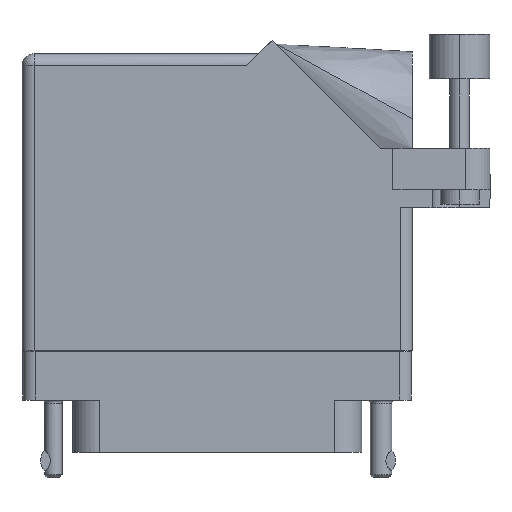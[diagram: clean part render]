
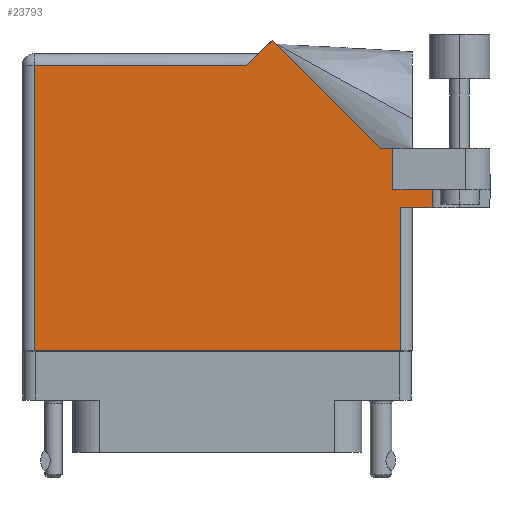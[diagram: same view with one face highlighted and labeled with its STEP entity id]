
A CAD part, front view. The second image highlights one B-rep face of the part: STEP entity #23793.
In plain terms, the highlighted face is planar.
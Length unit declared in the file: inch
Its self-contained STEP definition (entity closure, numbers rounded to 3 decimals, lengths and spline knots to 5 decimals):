
#370 = CARTESIAN_POINT ( 'NONE',  ( -0.943, -0.1, 0.455 ) ) ;
#643 = ORIENTED_EDGE ( 'NONE', *, *, #38590, .T. ) ;
#917 = LINE ( 'NONE', #36806, #40389 ) ;
#2512 = ORIENTED_EDGE ( 'NONE', *, *, #39407, .F. ) ;
#2742 = CARTESIAN_POINT ( 'NONE',  ( -1.005, 1.368, 0.455 ) ) ;
#3096 = VERTEX_POINT ( 'NONE', #33824 ) ;
#3542 = CARTESIAN_POINT ( 'NONE',  ( -1.005, -0.1, 0.455 ) ) ;
#4140 = DIRECTION ( 'NONE',  ( 1., 0., 0. ) ) ;
#4154 = EDGE_LOOP ( 'NONE', ( #40892, #16901, #34561, #24115, #2512, #643, #40025, #4866, #16096, #36282, #44874 ) ) ;
#4866 = ORIENTED_EDGE ( 'NONE', *, *, #12464, .T. ) ;
#7156 = VECTOR ( 'NONE', #11290, 39.37008 ) ;
#7334 = VECTOR ( 'NONE', #14476, 39.37008 ) ;
#7632 = FACE_OUTER_BOUND ( 'NONE', #4154, .T. ) ;
#7733 = VECTOR ( 'NONE', #13114, 39.37008 ) ;
#8603 = EDGE_CURVE ( 'NONE', #3096, #46750, #33473, .T. ) ;
#9765 = VERTEX_POINT ( 'NONE', #36155 ) ;
#10685 = VECTOR ( 'NONE', #22588, 39.37008 ) ;
#10790 = CARTESIAN_POINT ( 'NONE',  ( 0.212, 1.43, 0.455 ) ) ;
#11290 = DIRECTION ( 'NONE',  ( -0.707, -0.707, 0. ) ) ;
#11785 = VECTOR ( 'NONE', #30457, 39.37008 ) ;
#12464 = EDGE_CURVE ( 'NONE', #20174, #3096, #917, .T. ) ;
#13114 = DIRECTION ( 'NONE',  ( 0., -1., 0. ) ) ;
#13115 = VERTEX_POINT ( 'NONE', #17818 ) ;
#14101 = DIRECTION ( 'NONE',  ( -0.707, 0.707, 0. ) ) ;
#14476 = DIRECTION ( 'NONE',  ( -1., 0., 0. ) ) ;
#14707 = LINE ( 'NONE', #15365, #17113 ) ;
#15365 = CARTESIAN_POINT ( 'NONE',  ( 0.943, 0.637, 0.455 ) ) ;
#15696 = CARTESIAN_POINT ( 'NONE',  ( 1.1065, 1.06177, 0.455 ) ) ;
#16096 = ORIENTED_EDGE ( 'NONE', *, *, #8603, .T. ) ;
#16694 = PLANE ( 'NONE',  #40487 ) ;
#16857 = DIRECTION ( 'NONE',  ( 0., -1., 0. ) ) ;
#16901 = ORIENTED_EDGE ( 'NONE', *, *, #48379, .T. ) ;
#17113 = VECTOR ( 'NONE', #27151, 39.37008 ) ;
#17818 = CARTESIAN_POINT ( 'NONE',  ( -0.943, 1.368, 0.455 ) ) ;
#18537 = VERTEX_POINT ( 'NONE', #36823 ) ;
#18821 = CARTESIAN_POINT ( 'NONE',  ( 1.405, 0.944, 0.455 ) ) ;
#20174 = VERTEX_POINT ( 'NONE', #27637 ) ;
#21340 = VERTEX_POINT ( 'NONE', #44749 ) ;
#21500 = DIRECTION ( 'NONE',  ( -1., 0., 0. ) ) ;
#21664 = CARTESIAN_POINT ( 'NONE',  ( 0.905, 0.731, 0.455 ) ) ;
#22277 = EDGE_CURVE ( 'NONE', #13115, #36723, #29877, .T. ) ;
#22555 = EDGE_CURVE ( 'NONE', #36723, #34058, #38263, .T. ) ;
#22588 = DIRECTION ( 'NONE',  ( 1., 0., 0. ) ) ;
#23729 = LINE ( 'NONE', #18821, #11785 ) ;
#23793 = ADVANCED_FACE ( 'NONE', ( #7632 ), #16694, .F. ) ;
#24003 = DIRECTION ( 'NONE',  ( 0., 1., 0. ) ) ;
#24115 = ORIENTED_EDGE ( 'NONE', *, *, #39623, .F. ) ;
#27151 = DIRECTION ( 'NONE',  ( 0., 1., 0. ) ) ;
#27508 = VECTOR ( 'NONE', #4140, 39.37008 ) ;
#27637 = CARTESIAN_POINT ( 'NONE',  ( 0.83942, 0.944, 0.455 ) ) ;
#28142 = CARTESIAN_POINT ( 'NONE',  ( 0.905, 0.731, 0.455 ) ) ;
#28801 = CARTESIAN_POINT ( 'NONE',  ( -0.943, -0.1, 0.455 ) ) ;
#29822 = LINE ( 'NONE', #30104, #10685 ) ;
#29877 = LINE ( 'NONE', #28801, #7733 ) ;
#30081 = CARTESIAN_POINT ( 'NONE',  ( 0.15, 1.368, 0.455 ) ) ;
#30104 = CARTESIAN_POINT ( 'NONE',  ( 1.005, 0.637, 0.455 ) ) ;
#30457 = DIRECTION ( 'NONE',  ( -1., 0., 0. ) ) ;
#30506 = VECTOR ( 'NONE', #16857, 39.37008 ) ;
#31414 = EDGE_CURVE ( 'NONE', #46750, #13115, #36690, .T. ) ;
#32380 = CARTESIAN_POINT ( 'NONE',  ( 0.943, -0.1, 0.455 ) ) ;
#33473 = LINE ( 'NONE', #10790, #7156 ) ;
#33689 = CARTESIAN_POINT ( 'NONE',  ( 1.1065, 0.731, 0.455 ) ) ;
#33824 = CARTESIAN_POINT ( 'NONE',  ( 0.28271, 1.50071, 0.455 ) ) ;
#34058 = VERTEX_POINT ( 'NONE', #32380 ) ;
#34286 = VERTEX_POINT ( 'NONE', #33689 ) ;
#34561 = ORIENTED_EDGE ( 'NONE', *, *, #34751, .T. ) ;
#34751 = EDGE_CURVE ( 'NONE', #18537, #9765, #29822, .T. ) ;
#35896 = LINE ( 'NONE', #45995, #27508 ) ;
#36155 = CARTESIAN_POINT ( 'NONE',  ( 1.1065, 0.637, 0.455 ) ) ;
#36282 = ORIENTED_EDGE ( 'NONE', *, *, #31414, .T. ) ;
#36518 = LINE ( 'NONE', #15696, #30506 ) ;
#36690 = LINE ( 'NONE', #2742, #7334 ) ;
#36702 = DIRECTION ( 'NONE',  ( 0., 0., -1. ) ) ;
#36723 = VERTEX_POINT ( 'NONE', #370 ) ;
#36806 = CARTESIAN_POINT ( 'NONE',  ( 0.83942, 0.944, 0.455 ) ) ;
#36823 = CARTESIAN_POINT ( 'NONE',  ( 0.943, 0.637, 0.455 ) ) ;
#37903 = VERTEX_POINT ( 'NONE', #21664 ) ;
#37972 = DIRECTION ( 'NONE',  ( 1., 0., 0. ) ) ;
#38263 = LINE ( 'NONE', #3542, #43128 ) ;
#38590 = EDGE_CURVE ( 'NONE', #37903, #21340, #43822, .T. ) ;
#39407 = EDGE_CURVE ( 'NONE', #37903, #34286, #35896, .T. ) ;
#39623 = EDGE_CURVE ( 'NONE', #34286, #9765, #36518, .T. ) ;
#40025 = ORIENTED_EDGE ( 'NONE', *, *, #43027, .T. ) ;
#40389 = VECTOR ( 'NONE', #14101, 39.37008 ) ;
#40487 = AXIS2_PLACEMENT_3D ( 'NONE', #43793, #36702, #21500 ) ;
#40892 = ORIENTED_EDGE ( 'NONE', *, *, #22555, .T. ) ;
#43027 = EDGE_CURVE ( 'NONE', #21340, #20174, #23729, .T. ) ;
#43128 = VECTOR ( 'NONE', #37972, 39.37008 ) ;
#43793 = CARTESIAN_POINT ( 'NONE',  ( -1.005, 1.43, 0.455 ) ) ;
#43822 = LINE ( 'NONE', #28142, #44382 ) ;
#44382 = VECTOR ( 'NONE', #24003, 39.37008 ) ;
#44749 = CARTESIAN_POINT ( 'NONE',  ( 0.905, 0.944, 0.455 ) ) ;
#44874 = ORIENTED_EDGE ( 'NONE', *, *, #22277, .T. ) ;
#45995 = CARTESIAN_POINT ( 'NONE',  ( 0.905, 0.731, 0.455 ) ) ;
#46750 = VERTEX_POINT ( 'NONE', #30081 ) ;
#48379 = EDGE_CURVE ( 'NONE', #34058, #18537, #14707, .T. ) ;

Work instructions:
Give exactly, and nothing besides, the lines from the one in which "#37972 = DIRECTION" occurs through the end of the records.

Worked solution:
#37972 = DIRECTION ( 'NONE',  ( 1., 0., 0. ) ) ;
#38263 = LINE ( 'NONE', #3542, #43128 ) ;
#38590 = EDGE_CURVE ( 'NONE', #37903, #21340, #43822, .T. ) ;
#39407 = EDGE_CURVE ( 'NONE', #37903, #34286, #35896, .T. ) ;
#39623 = EDGE_CURVE ( 'NONE', #34286, #9765, #36518, .T. ) ;
#40025 = ORIENTED_EDGE ( 'NONE', *, *, #43027, .T. ) ;
#40389 = VECTOR ( 'NONE', #14101, 39.37008 ) ;
#40487 = AXIS2_PLACEMENT_3D ( 'NONE', #43793, #36702, #21500 ) ;
#40892 = ORIENTED_EDGE ( 'NONE', *, *, #22555, .T. ) ;
#43027 = EDGE_CURVE ( 'NONE', #21340, #20174, #23729, .T. ) ;
#43128 = VECTOR ( 'NONE', #37972, 39.37008 ) ;
#43793 = CARTESIAN_POINT ( 'NONE',  ( -1.005, 1.43, 0.455 ) ) ;
#43822 = LINE ( 'NONE', #28142, #44382 ) ;
#44382 = VECTOR ( 'NONE', #24003, 39.37008 ) ;
#44749 = CARTESIAN_POINT ( 'NONE',  ( 0.905, 0.944, 0.455 ) ) ;
#44874 = ORIENTED_EDGE ( 'NONE', *, *, #22277, .T. ) ;
#45995 = CARTESIAN_POINT ( 'NONE',  ( 0.905, 0.731, 0.455 ) ) ;
#46750 = VERTEX_POINT ( 'NONE', #30081 ) ;
#48379 = EDGE_CURVE ( 'NONE', #34058, #18537, #14707, .T. ) ;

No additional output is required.